Input
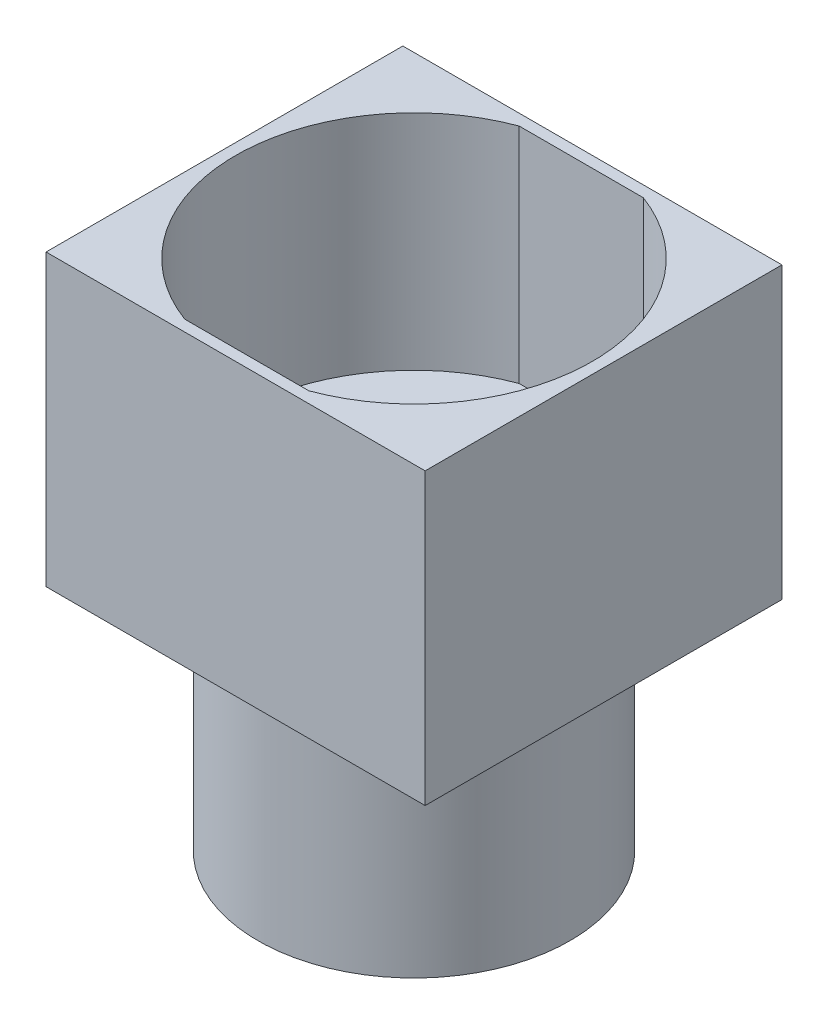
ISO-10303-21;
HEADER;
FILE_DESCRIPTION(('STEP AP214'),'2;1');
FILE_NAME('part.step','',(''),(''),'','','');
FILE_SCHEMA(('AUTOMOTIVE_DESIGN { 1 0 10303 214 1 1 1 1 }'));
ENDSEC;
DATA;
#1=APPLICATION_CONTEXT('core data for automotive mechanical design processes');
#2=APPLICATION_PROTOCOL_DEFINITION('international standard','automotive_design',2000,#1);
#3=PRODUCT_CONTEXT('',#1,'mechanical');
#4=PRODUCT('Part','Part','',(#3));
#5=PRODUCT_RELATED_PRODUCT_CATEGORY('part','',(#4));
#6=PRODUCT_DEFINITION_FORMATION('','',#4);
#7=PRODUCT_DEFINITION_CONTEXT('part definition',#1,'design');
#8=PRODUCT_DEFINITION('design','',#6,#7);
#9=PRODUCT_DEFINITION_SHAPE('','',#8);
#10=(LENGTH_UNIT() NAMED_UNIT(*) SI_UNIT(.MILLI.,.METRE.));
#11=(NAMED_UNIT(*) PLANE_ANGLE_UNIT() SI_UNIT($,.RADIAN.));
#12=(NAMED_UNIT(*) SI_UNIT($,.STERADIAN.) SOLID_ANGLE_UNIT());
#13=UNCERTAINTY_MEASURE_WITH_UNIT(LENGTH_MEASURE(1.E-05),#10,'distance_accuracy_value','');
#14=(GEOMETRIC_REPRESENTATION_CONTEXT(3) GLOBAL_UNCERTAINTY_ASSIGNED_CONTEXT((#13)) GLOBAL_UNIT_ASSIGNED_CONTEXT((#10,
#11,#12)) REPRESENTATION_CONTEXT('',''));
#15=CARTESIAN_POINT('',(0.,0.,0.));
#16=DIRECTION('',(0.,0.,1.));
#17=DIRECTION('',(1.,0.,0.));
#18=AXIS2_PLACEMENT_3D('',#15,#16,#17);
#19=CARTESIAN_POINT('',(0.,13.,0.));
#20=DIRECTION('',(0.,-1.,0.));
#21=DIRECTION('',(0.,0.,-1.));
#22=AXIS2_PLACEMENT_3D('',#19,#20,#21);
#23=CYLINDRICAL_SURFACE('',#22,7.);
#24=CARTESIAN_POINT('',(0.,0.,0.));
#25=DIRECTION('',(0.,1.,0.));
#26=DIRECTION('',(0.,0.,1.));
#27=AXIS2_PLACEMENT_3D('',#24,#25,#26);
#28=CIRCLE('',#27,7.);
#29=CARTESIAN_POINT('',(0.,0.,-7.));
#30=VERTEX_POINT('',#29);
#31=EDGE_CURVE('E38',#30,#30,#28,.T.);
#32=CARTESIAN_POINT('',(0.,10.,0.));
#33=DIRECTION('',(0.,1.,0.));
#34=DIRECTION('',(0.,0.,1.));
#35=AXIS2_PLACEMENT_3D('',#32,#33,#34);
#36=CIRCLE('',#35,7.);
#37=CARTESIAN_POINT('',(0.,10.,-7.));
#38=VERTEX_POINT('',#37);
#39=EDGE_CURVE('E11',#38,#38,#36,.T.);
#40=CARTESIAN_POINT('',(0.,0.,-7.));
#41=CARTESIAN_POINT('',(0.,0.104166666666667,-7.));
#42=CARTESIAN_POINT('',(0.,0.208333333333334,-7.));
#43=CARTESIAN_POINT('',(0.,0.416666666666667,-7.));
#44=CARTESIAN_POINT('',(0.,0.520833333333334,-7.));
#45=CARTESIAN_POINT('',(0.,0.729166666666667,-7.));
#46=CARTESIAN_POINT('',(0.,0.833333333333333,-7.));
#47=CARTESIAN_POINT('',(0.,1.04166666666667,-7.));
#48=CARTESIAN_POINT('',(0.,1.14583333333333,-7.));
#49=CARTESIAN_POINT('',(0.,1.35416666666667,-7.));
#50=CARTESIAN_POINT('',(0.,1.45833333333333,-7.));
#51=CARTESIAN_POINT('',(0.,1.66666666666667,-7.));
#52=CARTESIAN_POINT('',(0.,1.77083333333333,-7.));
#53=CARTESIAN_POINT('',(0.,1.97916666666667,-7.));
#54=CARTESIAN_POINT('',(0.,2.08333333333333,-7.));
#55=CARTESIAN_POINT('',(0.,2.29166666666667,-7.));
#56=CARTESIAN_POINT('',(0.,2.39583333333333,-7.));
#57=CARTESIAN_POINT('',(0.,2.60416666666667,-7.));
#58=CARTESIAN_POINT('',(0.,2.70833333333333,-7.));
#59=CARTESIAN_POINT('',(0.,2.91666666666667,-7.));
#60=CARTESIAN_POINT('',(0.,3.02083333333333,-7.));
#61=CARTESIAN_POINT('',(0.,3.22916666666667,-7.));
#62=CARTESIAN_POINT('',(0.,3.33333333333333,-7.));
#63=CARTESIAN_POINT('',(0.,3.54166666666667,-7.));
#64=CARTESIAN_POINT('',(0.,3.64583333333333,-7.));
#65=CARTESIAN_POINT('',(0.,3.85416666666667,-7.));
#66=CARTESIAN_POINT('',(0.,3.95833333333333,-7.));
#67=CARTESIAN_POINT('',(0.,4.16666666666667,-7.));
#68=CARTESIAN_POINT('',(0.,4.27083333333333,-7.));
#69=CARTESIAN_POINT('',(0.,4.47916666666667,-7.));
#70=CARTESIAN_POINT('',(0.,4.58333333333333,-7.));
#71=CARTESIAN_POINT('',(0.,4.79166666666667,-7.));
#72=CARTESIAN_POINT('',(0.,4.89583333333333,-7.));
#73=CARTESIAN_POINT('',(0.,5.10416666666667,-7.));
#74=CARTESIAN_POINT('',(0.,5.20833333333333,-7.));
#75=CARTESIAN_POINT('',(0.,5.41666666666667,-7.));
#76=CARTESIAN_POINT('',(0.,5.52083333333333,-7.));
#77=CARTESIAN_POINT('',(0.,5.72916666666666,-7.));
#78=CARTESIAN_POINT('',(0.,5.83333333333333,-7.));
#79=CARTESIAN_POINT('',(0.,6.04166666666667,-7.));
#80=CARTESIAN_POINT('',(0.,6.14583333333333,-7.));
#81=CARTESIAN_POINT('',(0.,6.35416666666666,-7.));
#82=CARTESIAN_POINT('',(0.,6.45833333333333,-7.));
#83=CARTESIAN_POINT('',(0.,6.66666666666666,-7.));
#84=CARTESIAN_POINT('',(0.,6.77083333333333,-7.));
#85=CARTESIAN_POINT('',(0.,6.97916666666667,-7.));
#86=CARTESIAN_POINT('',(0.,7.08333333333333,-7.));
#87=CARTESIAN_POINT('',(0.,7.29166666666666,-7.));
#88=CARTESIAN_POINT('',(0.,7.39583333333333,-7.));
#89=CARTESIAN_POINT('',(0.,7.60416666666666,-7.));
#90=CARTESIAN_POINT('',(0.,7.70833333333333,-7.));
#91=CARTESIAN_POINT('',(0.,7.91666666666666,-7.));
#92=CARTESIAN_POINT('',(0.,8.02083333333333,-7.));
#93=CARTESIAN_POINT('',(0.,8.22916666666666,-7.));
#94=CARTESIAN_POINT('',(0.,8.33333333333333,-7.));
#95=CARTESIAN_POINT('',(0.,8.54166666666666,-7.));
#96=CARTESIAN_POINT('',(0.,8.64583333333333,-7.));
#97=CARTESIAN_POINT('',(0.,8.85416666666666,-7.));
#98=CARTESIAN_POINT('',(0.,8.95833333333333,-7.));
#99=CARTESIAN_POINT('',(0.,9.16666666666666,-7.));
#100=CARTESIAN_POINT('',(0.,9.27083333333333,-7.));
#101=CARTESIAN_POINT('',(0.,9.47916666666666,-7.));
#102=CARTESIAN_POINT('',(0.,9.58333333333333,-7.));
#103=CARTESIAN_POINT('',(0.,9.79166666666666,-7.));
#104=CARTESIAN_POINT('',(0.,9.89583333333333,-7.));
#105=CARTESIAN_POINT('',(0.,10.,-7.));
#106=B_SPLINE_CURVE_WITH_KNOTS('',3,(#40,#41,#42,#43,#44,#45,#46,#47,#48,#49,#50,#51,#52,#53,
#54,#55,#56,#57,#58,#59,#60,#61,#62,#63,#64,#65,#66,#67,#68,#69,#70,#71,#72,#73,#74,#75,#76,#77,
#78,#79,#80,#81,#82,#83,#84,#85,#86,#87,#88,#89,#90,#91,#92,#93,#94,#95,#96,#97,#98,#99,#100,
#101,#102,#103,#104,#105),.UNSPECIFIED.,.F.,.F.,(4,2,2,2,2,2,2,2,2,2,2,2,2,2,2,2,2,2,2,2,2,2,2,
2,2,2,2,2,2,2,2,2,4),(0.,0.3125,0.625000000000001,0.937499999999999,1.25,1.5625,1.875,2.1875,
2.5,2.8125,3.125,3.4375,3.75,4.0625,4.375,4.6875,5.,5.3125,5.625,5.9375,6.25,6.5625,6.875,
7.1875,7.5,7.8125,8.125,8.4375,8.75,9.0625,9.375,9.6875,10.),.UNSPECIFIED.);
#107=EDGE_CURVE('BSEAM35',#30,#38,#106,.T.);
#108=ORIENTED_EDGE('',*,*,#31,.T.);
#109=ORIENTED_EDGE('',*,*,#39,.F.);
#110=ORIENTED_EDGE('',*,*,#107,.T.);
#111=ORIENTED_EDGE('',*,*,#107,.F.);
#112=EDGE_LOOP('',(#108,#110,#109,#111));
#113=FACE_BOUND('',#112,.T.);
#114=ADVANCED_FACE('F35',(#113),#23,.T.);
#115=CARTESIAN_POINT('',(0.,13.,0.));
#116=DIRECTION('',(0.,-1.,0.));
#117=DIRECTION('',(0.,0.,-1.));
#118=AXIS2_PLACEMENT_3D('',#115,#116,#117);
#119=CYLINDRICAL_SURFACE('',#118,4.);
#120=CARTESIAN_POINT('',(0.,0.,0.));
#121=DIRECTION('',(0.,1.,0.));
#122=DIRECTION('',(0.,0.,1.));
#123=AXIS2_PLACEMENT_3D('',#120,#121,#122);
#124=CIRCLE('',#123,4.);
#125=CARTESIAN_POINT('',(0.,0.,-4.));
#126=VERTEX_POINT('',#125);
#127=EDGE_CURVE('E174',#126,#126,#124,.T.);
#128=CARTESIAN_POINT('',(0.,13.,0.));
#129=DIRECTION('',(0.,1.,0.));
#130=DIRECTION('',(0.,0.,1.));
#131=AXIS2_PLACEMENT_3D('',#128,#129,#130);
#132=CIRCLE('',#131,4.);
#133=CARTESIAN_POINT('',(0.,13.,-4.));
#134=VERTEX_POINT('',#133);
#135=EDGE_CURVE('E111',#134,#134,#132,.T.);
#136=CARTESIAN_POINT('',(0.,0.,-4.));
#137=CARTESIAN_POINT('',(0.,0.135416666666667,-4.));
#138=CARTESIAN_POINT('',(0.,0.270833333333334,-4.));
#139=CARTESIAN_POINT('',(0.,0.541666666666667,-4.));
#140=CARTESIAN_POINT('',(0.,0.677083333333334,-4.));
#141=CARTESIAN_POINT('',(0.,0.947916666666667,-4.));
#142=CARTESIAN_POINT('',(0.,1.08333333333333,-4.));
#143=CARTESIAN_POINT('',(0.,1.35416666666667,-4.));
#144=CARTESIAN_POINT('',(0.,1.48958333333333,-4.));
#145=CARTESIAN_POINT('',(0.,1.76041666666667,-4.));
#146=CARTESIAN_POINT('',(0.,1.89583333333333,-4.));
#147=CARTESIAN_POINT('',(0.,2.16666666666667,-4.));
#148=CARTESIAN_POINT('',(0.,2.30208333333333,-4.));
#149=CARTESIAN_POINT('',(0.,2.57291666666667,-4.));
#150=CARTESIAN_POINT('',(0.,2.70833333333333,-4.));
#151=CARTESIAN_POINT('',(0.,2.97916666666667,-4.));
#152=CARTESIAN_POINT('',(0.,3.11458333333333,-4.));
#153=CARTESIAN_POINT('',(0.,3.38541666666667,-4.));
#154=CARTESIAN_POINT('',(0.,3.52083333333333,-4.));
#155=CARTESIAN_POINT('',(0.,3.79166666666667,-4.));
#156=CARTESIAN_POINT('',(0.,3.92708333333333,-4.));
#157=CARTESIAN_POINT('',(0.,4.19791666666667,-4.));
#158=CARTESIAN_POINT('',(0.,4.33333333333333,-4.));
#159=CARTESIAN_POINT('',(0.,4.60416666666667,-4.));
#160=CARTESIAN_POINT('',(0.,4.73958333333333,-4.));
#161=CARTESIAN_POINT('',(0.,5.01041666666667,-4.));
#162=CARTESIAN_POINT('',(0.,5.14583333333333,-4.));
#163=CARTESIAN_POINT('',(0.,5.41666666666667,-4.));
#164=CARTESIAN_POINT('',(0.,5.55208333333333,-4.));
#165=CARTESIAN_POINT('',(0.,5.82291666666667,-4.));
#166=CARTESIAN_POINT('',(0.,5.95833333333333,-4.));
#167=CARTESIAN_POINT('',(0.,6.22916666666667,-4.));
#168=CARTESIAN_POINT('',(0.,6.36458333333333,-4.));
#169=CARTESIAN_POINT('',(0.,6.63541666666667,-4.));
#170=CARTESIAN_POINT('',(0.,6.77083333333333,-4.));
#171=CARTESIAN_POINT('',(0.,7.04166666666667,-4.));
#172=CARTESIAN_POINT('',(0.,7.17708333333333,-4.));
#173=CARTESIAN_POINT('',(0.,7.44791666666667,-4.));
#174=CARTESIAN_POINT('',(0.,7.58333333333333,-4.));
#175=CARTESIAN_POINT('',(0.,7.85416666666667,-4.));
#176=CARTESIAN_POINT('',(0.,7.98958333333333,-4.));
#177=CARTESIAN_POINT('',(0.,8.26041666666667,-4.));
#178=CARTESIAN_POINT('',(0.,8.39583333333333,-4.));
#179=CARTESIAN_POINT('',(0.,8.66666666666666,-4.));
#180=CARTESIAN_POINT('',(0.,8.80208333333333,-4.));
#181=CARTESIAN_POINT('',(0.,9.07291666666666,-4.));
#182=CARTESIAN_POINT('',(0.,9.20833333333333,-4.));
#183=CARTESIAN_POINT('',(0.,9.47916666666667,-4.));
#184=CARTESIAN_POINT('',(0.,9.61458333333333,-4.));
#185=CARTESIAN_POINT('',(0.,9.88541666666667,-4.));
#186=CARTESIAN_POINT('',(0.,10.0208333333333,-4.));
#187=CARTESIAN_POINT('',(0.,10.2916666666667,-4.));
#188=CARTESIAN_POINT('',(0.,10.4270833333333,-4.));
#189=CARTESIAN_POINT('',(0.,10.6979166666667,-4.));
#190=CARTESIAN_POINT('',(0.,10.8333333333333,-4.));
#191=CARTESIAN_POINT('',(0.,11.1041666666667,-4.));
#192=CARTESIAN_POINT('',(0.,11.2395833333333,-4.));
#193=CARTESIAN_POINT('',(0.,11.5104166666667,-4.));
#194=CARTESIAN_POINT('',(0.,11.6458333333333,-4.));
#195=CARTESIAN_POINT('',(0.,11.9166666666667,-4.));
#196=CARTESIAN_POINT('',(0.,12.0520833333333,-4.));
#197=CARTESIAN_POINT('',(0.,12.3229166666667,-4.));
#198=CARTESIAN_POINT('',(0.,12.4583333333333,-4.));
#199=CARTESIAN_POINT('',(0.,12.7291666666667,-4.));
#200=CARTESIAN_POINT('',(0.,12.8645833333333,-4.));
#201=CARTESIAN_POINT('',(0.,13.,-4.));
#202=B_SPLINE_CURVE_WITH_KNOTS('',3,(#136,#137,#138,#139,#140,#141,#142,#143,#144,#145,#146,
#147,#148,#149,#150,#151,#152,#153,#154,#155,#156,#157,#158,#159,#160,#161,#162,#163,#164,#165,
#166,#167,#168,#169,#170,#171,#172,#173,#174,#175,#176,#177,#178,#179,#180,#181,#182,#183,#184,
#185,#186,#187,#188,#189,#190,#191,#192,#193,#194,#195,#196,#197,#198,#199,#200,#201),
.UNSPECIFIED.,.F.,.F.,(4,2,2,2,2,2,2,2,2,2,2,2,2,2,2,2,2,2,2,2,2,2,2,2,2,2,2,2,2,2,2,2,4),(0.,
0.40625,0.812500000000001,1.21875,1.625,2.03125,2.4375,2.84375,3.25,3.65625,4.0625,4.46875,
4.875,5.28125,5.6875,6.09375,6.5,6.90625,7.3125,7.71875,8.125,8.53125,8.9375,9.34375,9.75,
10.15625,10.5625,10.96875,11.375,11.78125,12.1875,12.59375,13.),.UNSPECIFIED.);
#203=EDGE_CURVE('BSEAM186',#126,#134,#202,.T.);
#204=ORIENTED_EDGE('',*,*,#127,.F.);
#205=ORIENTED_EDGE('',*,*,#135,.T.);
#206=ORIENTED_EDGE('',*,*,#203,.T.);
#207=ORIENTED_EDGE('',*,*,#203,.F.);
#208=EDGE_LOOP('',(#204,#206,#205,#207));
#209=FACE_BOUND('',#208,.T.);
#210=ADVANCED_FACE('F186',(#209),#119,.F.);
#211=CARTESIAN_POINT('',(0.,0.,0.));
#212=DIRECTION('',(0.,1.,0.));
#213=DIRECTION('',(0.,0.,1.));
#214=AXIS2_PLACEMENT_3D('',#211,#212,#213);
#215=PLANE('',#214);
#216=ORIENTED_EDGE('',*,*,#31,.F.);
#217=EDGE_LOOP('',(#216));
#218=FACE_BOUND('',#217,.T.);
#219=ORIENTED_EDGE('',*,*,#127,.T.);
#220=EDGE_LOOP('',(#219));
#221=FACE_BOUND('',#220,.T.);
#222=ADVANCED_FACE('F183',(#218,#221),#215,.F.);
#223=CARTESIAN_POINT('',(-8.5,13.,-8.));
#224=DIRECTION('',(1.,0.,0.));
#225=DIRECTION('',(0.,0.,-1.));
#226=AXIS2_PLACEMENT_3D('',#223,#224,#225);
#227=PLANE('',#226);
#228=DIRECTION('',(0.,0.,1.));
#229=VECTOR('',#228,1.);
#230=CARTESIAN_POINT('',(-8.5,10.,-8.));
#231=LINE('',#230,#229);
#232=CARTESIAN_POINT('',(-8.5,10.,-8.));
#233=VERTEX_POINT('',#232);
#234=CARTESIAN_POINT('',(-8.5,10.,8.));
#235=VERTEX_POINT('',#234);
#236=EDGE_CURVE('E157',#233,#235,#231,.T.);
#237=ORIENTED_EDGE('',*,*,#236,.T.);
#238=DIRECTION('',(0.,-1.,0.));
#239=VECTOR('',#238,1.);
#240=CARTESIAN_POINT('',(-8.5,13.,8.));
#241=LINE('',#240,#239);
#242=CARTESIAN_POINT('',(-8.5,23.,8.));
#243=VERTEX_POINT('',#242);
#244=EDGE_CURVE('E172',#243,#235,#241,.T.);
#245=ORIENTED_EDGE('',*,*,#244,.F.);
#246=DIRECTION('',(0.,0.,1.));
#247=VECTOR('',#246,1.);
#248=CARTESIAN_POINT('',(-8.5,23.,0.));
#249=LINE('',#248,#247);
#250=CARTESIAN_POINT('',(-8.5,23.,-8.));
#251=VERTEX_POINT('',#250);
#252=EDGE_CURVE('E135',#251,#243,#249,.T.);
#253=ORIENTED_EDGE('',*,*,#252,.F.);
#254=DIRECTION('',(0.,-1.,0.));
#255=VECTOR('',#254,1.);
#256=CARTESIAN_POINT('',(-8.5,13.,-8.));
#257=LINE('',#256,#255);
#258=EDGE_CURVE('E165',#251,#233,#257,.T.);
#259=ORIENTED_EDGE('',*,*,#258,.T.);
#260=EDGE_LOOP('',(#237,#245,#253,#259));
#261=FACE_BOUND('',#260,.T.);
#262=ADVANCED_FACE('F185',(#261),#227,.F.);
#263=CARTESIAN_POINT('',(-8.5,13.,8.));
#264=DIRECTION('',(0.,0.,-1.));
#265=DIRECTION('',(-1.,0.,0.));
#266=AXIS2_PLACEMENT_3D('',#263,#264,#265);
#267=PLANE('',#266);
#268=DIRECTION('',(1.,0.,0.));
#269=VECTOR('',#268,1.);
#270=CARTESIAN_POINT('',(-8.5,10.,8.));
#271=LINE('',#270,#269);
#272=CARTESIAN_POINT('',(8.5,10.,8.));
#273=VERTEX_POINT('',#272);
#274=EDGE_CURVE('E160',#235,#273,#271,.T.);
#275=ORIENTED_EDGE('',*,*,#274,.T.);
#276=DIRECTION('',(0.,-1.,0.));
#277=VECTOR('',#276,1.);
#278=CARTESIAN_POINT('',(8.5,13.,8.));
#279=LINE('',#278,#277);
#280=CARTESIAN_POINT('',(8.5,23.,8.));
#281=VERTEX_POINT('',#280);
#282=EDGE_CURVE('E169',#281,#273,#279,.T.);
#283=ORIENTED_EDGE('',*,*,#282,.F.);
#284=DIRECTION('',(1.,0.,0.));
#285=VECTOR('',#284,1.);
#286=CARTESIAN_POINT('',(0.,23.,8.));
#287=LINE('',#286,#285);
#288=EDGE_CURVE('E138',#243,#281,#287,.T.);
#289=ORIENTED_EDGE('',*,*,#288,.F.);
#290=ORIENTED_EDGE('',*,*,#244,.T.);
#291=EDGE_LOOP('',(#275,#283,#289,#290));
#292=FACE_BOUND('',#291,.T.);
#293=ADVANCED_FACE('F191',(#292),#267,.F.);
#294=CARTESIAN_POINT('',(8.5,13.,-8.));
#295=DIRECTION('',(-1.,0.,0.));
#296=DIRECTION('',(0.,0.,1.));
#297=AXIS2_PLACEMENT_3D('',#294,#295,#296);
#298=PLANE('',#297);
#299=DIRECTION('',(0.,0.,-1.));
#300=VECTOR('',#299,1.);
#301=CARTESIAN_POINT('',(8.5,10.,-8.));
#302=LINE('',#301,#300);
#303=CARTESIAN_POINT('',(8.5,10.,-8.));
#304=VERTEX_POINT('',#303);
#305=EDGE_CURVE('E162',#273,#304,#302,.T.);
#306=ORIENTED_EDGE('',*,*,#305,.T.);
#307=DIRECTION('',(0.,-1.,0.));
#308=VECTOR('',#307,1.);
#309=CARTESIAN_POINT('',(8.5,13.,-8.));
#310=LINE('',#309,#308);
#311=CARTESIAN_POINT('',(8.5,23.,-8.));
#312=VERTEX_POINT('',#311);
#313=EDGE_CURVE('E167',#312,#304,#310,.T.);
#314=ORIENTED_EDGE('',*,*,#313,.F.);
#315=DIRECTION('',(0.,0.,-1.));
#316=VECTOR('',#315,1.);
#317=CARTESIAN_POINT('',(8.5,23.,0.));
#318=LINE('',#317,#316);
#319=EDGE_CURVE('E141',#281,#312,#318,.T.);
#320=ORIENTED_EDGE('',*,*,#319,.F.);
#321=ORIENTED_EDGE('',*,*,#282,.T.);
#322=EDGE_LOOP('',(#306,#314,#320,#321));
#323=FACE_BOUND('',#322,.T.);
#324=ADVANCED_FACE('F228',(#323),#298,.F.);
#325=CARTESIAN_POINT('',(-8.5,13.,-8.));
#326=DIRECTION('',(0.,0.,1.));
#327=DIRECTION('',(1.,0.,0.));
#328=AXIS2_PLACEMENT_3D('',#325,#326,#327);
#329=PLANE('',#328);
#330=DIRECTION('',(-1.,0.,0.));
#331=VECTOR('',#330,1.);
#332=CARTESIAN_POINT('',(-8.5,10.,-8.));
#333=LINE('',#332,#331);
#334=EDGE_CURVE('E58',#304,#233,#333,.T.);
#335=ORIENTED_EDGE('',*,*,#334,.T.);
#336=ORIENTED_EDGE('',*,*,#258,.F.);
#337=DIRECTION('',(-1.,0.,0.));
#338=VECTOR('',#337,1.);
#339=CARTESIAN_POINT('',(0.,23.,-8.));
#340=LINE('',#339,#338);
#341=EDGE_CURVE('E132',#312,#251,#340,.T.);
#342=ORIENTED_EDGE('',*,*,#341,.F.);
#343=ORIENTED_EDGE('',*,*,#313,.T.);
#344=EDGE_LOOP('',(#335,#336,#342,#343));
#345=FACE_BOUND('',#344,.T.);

Work required
Taking the line with "#297=AXIS2_PLACEMENT_3D('',#294,#295,#296);" as the first and the line with "#324=ADVANCED_FACE('F228',(#323),#298,.F.);" as the last, retype that stretch of the data above exactly, with no other lines.

Your solution
#297=AXIS2_PLACEMENT_3D('',#294,#295,#296);
#298=PLANE('',#297);
#299=DIRECTION('',(0.,0.,-1.));
#300=VECTOR('',#299,1.);
#301=CARTESIAN_POINT('',(8.5,10.,-8.));
#302=LINE('',#301,#300);
#303=CARTESIAN_POINT('',(8.5,10.,-8.));
#304=VERTEX_POINT('',#303);
#305=EDGE_CURVE('E162',#273,#304,#302,.T.);
#306=ORIENTED_EDGE('',*,*,#305,.T.);
#307=DIRECTION('',(0.,-1.,0.));
#308=VECTOR('',#307,1.);
#309=CARTESIAN_POINT('',(8.5,13.,-8.));
#310=LINE('',#309,#308);
#311=CARTESIAN_POINT('',(8.5,23.,-8.));
#312=VERTEX_POINT('',#311);
#313=EDGE_CURVE('E167',#312,#304,#310,.T.);
#314=ORIENTED_EDGE('',*,*,#313,.F.);
#315=DIRECTION('',(0.,0.,-1.));
#316=VECTOR('',#315,1.);
#317=CARTESIAN_POINT('',(8.5,23.,0.));
#318=LINE('',#317,#316);
#319=EDGE_CURVE('E141',#281,#312,#318,.T.);
#320=ORIENTED_EDGE('',*,*,#319,.F.);
#321=ORIENTED_EDGE('',*,*,#282,.T.);
#322=EDGE_LOOP('',(#306,#314,#320,#321));
#323=FACE_BOUND('',#322,.T.);
#324=ADVANCED_FACE('F228',(#323),#298,.F.);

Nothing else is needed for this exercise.